▸ **Data under study**:

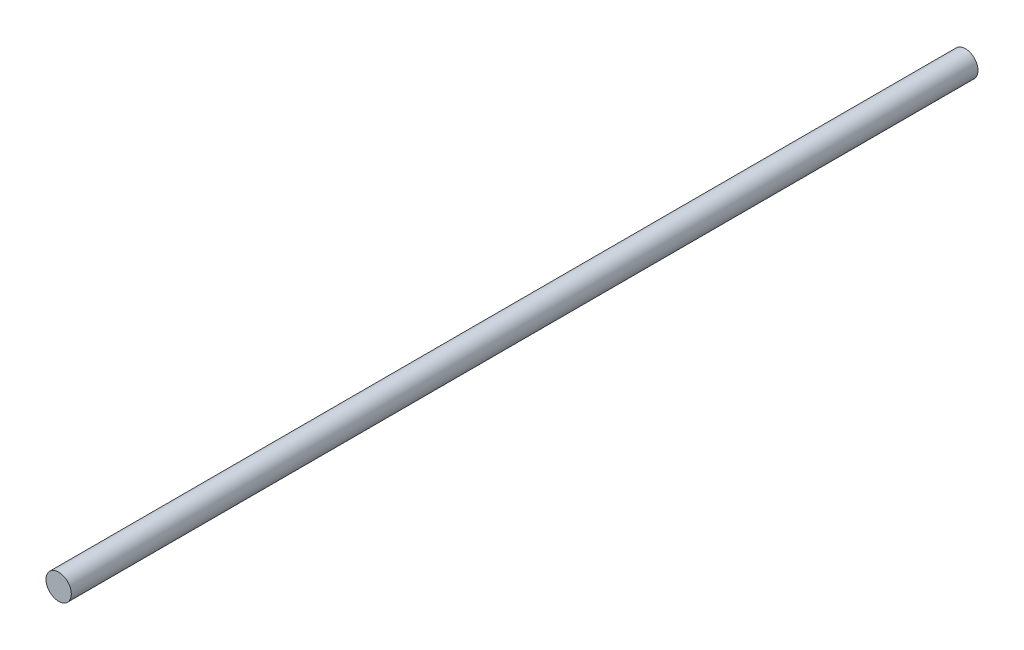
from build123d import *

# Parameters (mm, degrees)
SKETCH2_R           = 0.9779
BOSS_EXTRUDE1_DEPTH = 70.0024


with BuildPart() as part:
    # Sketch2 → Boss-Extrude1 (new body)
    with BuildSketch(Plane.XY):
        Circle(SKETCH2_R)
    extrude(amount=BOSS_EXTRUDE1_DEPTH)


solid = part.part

▸ **Task item**:
Each entry above should be reproduced exactly, with the pictures removed.

▸ **Output for this exercise**:
from build123d import *

# Parameters (mm, degrees)
SKETCH2_R           = 0.9779
BOSS_EXTRUDE1_DEPTH = 70.0024


with BuildPart() as part:
    # Sketch2 → Boss-Extrude1 (new body)
    with BuildSketch(Plane.XY):
        Circle(SKETCH2_R)
    extrude(amount=BOSS_EXTRUDE1_DEPTH)


solid = part.part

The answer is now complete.